- _RECORDS PROVIDED_:
____________________
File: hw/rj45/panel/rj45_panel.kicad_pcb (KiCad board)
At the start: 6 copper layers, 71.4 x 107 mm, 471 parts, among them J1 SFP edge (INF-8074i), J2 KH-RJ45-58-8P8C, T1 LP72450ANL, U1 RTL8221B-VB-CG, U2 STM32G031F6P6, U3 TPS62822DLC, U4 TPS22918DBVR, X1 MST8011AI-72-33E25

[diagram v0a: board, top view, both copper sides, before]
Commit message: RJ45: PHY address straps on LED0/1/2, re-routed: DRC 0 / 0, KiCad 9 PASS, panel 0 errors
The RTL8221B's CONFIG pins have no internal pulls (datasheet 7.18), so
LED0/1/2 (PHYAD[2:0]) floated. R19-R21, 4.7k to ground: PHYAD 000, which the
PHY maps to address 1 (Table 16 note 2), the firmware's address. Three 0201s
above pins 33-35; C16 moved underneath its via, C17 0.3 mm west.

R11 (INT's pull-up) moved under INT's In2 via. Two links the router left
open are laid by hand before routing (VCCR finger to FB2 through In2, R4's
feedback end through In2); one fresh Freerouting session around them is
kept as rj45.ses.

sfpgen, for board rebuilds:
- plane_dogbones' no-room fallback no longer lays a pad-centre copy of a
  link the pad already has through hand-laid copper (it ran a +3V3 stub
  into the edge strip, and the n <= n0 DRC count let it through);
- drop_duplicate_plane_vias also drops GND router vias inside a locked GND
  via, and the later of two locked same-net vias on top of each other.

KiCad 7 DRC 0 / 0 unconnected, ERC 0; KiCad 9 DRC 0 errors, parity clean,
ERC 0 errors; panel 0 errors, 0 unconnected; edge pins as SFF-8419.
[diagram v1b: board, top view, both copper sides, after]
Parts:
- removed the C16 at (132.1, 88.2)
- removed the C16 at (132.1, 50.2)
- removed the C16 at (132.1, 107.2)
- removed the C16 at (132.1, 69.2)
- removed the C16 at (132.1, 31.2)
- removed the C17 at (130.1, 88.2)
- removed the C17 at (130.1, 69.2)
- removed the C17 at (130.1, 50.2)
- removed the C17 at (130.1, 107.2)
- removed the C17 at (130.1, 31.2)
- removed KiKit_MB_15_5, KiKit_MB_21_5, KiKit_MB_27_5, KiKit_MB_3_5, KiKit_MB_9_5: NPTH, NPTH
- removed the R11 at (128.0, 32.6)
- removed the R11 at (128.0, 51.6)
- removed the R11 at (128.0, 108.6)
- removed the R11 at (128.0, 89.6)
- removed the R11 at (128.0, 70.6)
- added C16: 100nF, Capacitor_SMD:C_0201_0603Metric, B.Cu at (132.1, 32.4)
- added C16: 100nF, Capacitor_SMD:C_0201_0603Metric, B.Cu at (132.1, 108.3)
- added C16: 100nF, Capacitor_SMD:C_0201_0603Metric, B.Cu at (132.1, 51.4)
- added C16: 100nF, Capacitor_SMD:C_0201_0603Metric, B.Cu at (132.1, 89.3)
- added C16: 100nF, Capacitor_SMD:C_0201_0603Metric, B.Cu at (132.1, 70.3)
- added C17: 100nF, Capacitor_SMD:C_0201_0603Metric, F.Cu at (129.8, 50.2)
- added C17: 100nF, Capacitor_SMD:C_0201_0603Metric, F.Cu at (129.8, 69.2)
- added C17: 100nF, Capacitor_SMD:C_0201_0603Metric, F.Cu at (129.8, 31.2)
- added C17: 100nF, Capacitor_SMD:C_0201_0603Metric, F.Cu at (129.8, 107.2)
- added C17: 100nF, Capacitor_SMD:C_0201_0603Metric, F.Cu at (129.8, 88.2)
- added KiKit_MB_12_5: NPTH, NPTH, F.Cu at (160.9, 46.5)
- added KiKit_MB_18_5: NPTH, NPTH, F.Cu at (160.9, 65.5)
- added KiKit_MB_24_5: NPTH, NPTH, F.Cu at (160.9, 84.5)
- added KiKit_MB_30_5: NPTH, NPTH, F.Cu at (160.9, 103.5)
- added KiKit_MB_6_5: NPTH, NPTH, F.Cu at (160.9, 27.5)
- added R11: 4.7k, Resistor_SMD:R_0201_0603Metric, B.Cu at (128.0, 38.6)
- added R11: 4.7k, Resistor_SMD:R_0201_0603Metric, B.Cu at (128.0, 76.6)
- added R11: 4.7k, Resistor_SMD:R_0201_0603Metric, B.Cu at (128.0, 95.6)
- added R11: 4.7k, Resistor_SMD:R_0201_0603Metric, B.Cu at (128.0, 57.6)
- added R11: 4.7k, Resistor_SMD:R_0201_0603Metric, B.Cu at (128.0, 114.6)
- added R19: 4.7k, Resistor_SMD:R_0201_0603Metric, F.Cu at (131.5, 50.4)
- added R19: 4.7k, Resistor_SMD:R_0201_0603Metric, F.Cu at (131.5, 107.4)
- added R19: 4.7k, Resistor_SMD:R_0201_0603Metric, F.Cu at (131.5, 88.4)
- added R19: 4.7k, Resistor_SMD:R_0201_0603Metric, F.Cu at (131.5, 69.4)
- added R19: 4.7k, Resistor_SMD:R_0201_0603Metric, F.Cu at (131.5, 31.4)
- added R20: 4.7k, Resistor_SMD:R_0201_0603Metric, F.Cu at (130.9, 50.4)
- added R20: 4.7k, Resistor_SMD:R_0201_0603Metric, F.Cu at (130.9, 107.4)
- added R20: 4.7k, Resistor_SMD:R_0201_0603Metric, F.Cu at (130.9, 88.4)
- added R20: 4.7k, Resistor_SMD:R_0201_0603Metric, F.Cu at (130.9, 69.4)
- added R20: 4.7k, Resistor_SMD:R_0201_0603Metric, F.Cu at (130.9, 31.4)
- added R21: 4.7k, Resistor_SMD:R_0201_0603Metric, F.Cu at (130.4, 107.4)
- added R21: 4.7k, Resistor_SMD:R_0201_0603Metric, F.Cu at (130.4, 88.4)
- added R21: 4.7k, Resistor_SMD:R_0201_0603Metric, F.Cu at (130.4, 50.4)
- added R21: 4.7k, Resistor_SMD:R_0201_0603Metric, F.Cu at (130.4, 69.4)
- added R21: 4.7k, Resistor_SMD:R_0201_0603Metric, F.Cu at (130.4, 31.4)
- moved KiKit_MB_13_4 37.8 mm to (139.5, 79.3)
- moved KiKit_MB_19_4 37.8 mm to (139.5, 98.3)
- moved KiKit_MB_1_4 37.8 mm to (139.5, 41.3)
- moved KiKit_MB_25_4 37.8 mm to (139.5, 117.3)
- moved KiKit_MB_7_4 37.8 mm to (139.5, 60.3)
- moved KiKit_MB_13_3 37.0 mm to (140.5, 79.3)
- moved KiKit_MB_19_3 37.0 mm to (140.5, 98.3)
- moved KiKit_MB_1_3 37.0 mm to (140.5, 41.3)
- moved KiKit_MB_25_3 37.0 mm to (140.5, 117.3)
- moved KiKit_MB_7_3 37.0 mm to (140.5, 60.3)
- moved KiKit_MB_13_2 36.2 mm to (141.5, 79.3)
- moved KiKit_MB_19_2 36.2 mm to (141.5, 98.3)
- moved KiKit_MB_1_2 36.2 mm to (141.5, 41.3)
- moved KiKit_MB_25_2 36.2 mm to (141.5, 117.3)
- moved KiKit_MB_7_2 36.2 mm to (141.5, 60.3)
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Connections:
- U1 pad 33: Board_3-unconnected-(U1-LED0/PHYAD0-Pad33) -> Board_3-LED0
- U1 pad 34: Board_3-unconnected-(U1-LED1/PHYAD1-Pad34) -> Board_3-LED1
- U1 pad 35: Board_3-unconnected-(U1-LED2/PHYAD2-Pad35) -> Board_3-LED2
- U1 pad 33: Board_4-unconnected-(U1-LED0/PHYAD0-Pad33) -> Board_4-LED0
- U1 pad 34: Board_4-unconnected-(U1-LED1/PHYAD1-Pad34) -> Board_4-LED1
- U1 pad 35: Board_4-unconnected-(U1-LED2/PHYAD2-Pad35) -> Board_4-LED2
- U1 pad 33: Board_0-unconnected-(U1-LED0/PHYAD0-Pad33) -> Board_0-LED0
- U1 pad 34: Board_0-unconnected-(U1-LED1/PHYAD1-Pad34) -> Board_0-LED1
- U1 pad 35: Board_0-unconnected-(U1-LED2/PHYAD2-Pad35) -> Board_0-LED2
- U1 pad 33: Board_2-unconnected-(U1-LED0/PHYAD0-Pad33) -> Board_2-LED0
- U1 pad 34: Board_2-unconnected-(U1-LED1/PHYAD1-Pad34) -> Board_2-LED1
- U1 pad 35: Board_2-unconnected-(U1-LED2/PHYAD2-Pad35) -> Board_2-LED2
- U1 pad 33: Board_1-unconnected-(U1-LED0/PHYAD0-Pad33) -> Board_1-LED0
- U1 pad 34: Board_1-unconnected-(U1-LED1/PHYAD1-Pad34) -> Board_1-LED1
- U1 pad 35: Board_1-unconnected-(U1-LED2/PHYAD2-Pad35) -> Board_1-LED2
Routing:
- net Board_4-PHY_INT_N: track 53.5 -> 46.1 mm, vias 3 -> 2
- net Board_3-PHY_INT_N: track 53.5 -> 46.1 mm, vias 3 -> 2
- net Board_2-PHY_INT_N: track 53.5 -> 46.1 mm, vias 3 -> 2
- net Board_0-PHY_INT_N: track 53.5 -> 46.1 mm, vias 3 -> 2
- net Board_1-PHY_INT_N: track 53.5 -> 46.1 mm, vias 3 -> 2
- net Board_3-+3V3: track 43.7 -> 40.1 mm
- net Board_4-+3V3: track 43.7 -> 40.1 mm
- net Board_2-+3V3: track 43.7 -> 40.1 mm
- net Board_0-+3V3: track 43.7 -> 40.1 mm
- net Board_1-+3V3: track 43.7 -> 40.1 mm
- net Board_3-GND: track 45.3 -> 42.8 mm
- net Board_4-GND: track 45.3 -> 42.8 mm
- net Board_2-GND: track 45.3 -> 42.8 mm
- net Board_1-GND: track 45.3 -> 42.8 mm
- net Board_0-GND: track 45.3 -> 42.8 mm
____________________
- _TASK ITEM_: Above are the records; please copy exactly their first line and each line after it through the line containing "above pins 33-35;", and no line after that.

- _COMPLETED TASK_:
File: hw/rj45/panel/rj45_panel.kicad_pcb (KiCad board)
At the start: 6 copper layers, 71.4 x 107 mm, 471 parts, among them J1 SFP edge (INF-8074i), J2 KH-RJ45-58-8P8C, T1 LP72450ANL, U1 RTL8221B-VB-CG, U2 STM32G031F6P6, U3 TPS62822DLC, U4 TPS22918DBVR, X1 MST8011AI-72-33E25

[diagram v0a: board, top view, both copper sides, before]
Commit message: RJ45: PHY address straps on LED0/1/2, re-routed: DRC 0 / 0, KiCad 9 PASS, panel 0 errors
The RTL8221B's CONFIG pins have no internal pulls (datasheet 7.18), so
LED0/1/2 (PHYAD[2:0]) floated. R19-R21, 4.7k to ground: PHYAD 000, which the
PHY maps to address 1 (Table 16 note 2), the firmware's address. Three 0201s
above pins 33-35; C16 moved underneath its via, C17 0.3 mm west.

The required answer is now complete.